The reptile lowered his ice cream mid-lick, looking thoughtful again."That isn't really a problem, seeing as I don't actually have one."

"You don't?"

"The other monsters never gave me one. It's actually very rare for any of my kind to have a proper name, usually when one of us gets one it's merely a description."

"Well that doesn't sound like a good system. What if they need to get your attention? Do they just say; 'Hey there, Scaly' or something?"

"Sometimes, usually just 'hey you'. Sometimes 'friend' if they mean to be kind. We can usually distinguish each other fairly well."

"Hmm, I wonder what they would call me,"she wondered aloud, pondering her own most-prominent attributes.

"Probably something like 'Bright Eyes', with those eyes of yours,"he answered. She raised an eyebrow at that remark, since it was awfully quick to have been off the top of his head. He blinked and looked away from her questioning look.

"Only because they take up half your face, that is."

"Well, what about your parents," she asked to steer the topic back to a name for him.

"I don't know anything about them, much less what they would have named me."

That was an even sadder revelation than about not having a name. "Wait, so you're an orphan, too? AND the rest of your kind pick on you? That is just-"

"It's fine," he interrupted as if it didn't matter. As if that wasn't something so absolutely heartbreaking.

"No, it's not," she stated firmly. "It's the saddest thing I've ever heard. You don't seem the type to deserve such a life. No to me, anyway. Anyone who would just let a stranger tag along with them through dimensions deserves better."

Moon put down her spoon to reach out and cover his free clawed hand with hers. It was a sympathetic gesture that he did not seem to be accustomed to nor know what to do about it.

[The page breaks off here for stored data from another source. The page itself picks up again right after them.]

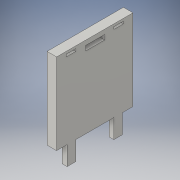
# Autodesk Inventor part: back
Saved by Autodesk Inventor 2016 (Build 200138000, 138)
## iProperties
Created: 2016-08-07
Part Number: back
Material: LCP Plastic
Document SubType Name: Modeling
Designer: Jorian Brusind
Density: 1.626 g/cm^3
Appearance: Smooth - White
Author: Jorian Brusind
Autodesk Inventor part; units mm, degrees
ref_plane "YZ Plane" through (0, 0, 0) normal (1, 0, 0) x (0, 1, 0)
ref_plane "XZ Plane" through (0, 0, 0) normal (0, 1, 0) x (-1, 0, 0)
ref_plane "XY Plane" through (0, 0, 0) normal (0, 0, 1) x (1, 0, 0)
sketch "Sketch1" plane through (0, 0, 0) normal (0, 1, 0) x (-1, 0, 0)
  line L0 (0, 0) -> (12.7, 0)
  line L1 (12.7, 0) -> (12.7, -101.6)
  line L2 (12.7, -101.6) -> (0, -101.6)
  line L3 (0, -101.6) -> (0, 0)
  dimension "d1" = 12.7
  dimension "d2" = 101.6
  constraints: 8 end point, 2 parallel, 1 horizontal, 1 perpendicular
  measures "d1" distance of L1.end L2.end
  measures "d2" distance of L0.end L1.end
extrude "Extrusion1" add sketch "Sketch1" along normal blind 107.95
sketch "Sketch2" plane through (0, 0, 0) normal (0, -1, 0) x (1, 0, 0)
  line L0 (0, 0) -> (0, -101.6) projected
  line L1 (0, -101.6) -> (0, -87.63)
  line L2 (0, 0) -> (0, -13.97)
  line L3 (0, -13.97) -> (-6.35, -13.97)
  line L4 (-6.35, -13.97) -> (-6.35, -25.4)
  line L5 (-6.35, -25.4) -> (0, -25.4)
  line L6 (0, -25.4) -> (0, -13.97)
  line L7 (0, -87.63) -> (-6.35, -87.63)
  line L8 (-6.35, -87.63) -> (-6.35, -76.2)
  line L9 (-6.35, -76.2) -> (0, -76.2)
  line L10 (0, -76.2) -> (0, -87.63)
  dimension "d6" = 13.97
  dimension "d9" = 13.97
  dimension "d10" = 6.35
  dimension "d11" = 11.43
  dimension "d12" = 6.35
  dimension "d13" = 11.43
  constraints: 20 end point, 4 parallel, 2 horizontal, 2 perpendicular, 2 point on line
  measures "d6" distance of L0.end L1.end
  measures "d9" distance of L0.start L2.end
  measures "d10" distance of L5.end L4.end
  measures "d11" distance of L4.end L3.end
  measures "d12" distance of L8.end L9.end
  measures "d13" distance of L7.end L8.end
extrude "Extrusion2" add sketch "Sketch2" along normal blind 25.4
sketch "Sketch3" plane through (0, 0, -101.6) normal (1, 0, 0) x (0, 0, -1)
  line L0 (-101.6, 0) -> (-101.6, 107.95) projected
  line L1 (-101.6, 107.95) -> (-76.2, 107.95)
  line L2 (0, 107.95) -> (-101.6, 107.95) projected
  line L3 (-76.2, 107.95) -> (-76.2, 101.6)
  line L4 (-76.2, 101.6) -> (-88.9, 101.6)
  line L5 (-88.9, 101.6) -> (-88.9, 104.775)
  line L6 (-88.9, 104.775) -> (-76.2, 104.775)
  line L7 (-76.2, 104.775) -> (-76.2, 101.6)
  line L8 (0, 107.95) -> (-25.4, 107.95)
  line L9 (-25.4, 107.95) -> (-25.4, 101.6)
  line L10 (-25.4, 101.6) -> (-12.7, 101.6)
  line L11 (-12.7, 101.6) -> (-12.7, 104.775)
  line L12 (-12.7, 104.775) -> (-25.4, 104.775)
  line L13 (-25.4, 104.775) -> (-25.4, 101.6)
  dimension "d17" = 25.4
  dimension "d18" = 6.35
  dimension "d19" = 12.7
  dimension "d20" = 3.175
  dimension "d21" = 25.4
  dimension "d22" = 6.35
  dimension "d23" = 12.7
  dimension "d24" = 3.175
  constraints: 24 end point, 4 parallel, 2 horizontal, 2 perpendicular, 2 point on line, 2 vertical
  measures "d17" distance of L0.end L1.end
  measures "d18" distance of L1.end L3.end
  measures "d19" distance of L5.end L6.end
  measures "d20" distance of L4.end L5.end
  measures "d21" distance of L2.start L8.end
  measures "d22" distance of L8.end L9.end
  measures "d23" distance of L12.end L11.end
  measures "d24" distance of L11.end L10.end
extrude "Extrusion3" cut sketch "Sketch3" against normal blind 12.7
sketch "Sketch4" plane through (0, 0, -101.6) normal (1, 0, 0) x (0, 0, -1)
  line L0 (-75.6651, 101.8589) -> (-75.6651, 95.5089)
  line L1 (-75.6651, 95.5089) -> (-62.9651, 95.5089)
  line L2 (-62.9651, 95.5089) -> (-37.5651, 95.5089)
  line L3 (-37.5651, 95.5089) -> (-37.5651, 101.8589)
  line L4 (-37.5651, 101.8589) -> (-62.9651, 101.8589)
  line L5 (-62.9651, 101.8589) -> (-62.9651, 95.5089)
  point P0 (-101.6, 0)
  dimension "d29" = 6.35
  dimension "d30" = 12.7
  dimension "d31" = 25.4
  dimension "d32" = 6.35
  constraints: 12 end point, 2 parallel, 2 perpendicular, 1 horizontal, 1 vertical
  measures "d29" distance of L0.start L0.end
  measures "d30" distance of L0.end L1.end
  measures "d31" distance of L4.end L3.end
  measures "d32" distance of L3.end L2.end
extrude "Extrusion4" cut sketch "Sketch4" against normal blind 12.7
body "Solid1"

"I just need something to call you," she said. "And not something so impersonal as 'you'".

"If it's that important to you, then you pick something," he answered after a long moment of looking down at their hands. He flicked his eyes back up to hers. "I'll answer to whatever you come up with."

Moon was surprised by this invitation. She had never named anything or anyone before. She didn't know how much thought should go into it. She looked him up and down, trying to decide if there was any name she knew that might fit him.

She took another spoonful of her ice cream and – going with the first thing that popped into her head – said, "Toffee".

He looked more than a bit confused. "Why Toffee?"he asked with more than slight bemusement.

"Because it's the least monster-sounding thing I can think of, and you're the least-monstery creature I've met," she smiled warmly as she took another bite. "Plus it's the kind of ice cream you got."

The newly-christened Toffee made an amused sound,but said nothing as he continued licking his ice cream,which was nearly down to the cone now.

"And I'd be happy to call you 'friend' as well," Moon added. This prompted a smile from the reptile, which only made Moon's smile grow as she scraped the bottom of her own ice cream cup.

"Let me pick the next place," Toffee said. "Then..." he hesitated. "Then I think I should take you back home."

"Home? But we're having so much fun," Moon said. Even with the dangerous stuff, she couldn't even fathom going back home now that she had tasted this little bit of adventure.

"I may not know much about having people like parents,but I'm sure yours are worried sick by now. And at the very least your royal guards are probably searching every conceivable dimension for you."

Moon drooped at that thought, he was probably right. Her mother must be in a tizzy and her father must be scrambling the guards as they sat there. The guilt over the realization of what she had done with this impulsive trip started to really sink in. Of course he was right, this had been a pretty dumb move on her part. But there was still a very large part of her that did not regret it.

"Also I think four jumps is enough for your first time."

Moon perked up at that. 'First time'? "What do you mean?"

"Only that if you were to go home soon, I could come back that much sooner to take you out again."

"Really? You'd do that?" her eyes widened and she leaned in closer towards him, nearly jumping off her chair.

"Of course," he answered, now smiling with his teeth, possibly amused by her sudden burst of excitement. "What are friends for?"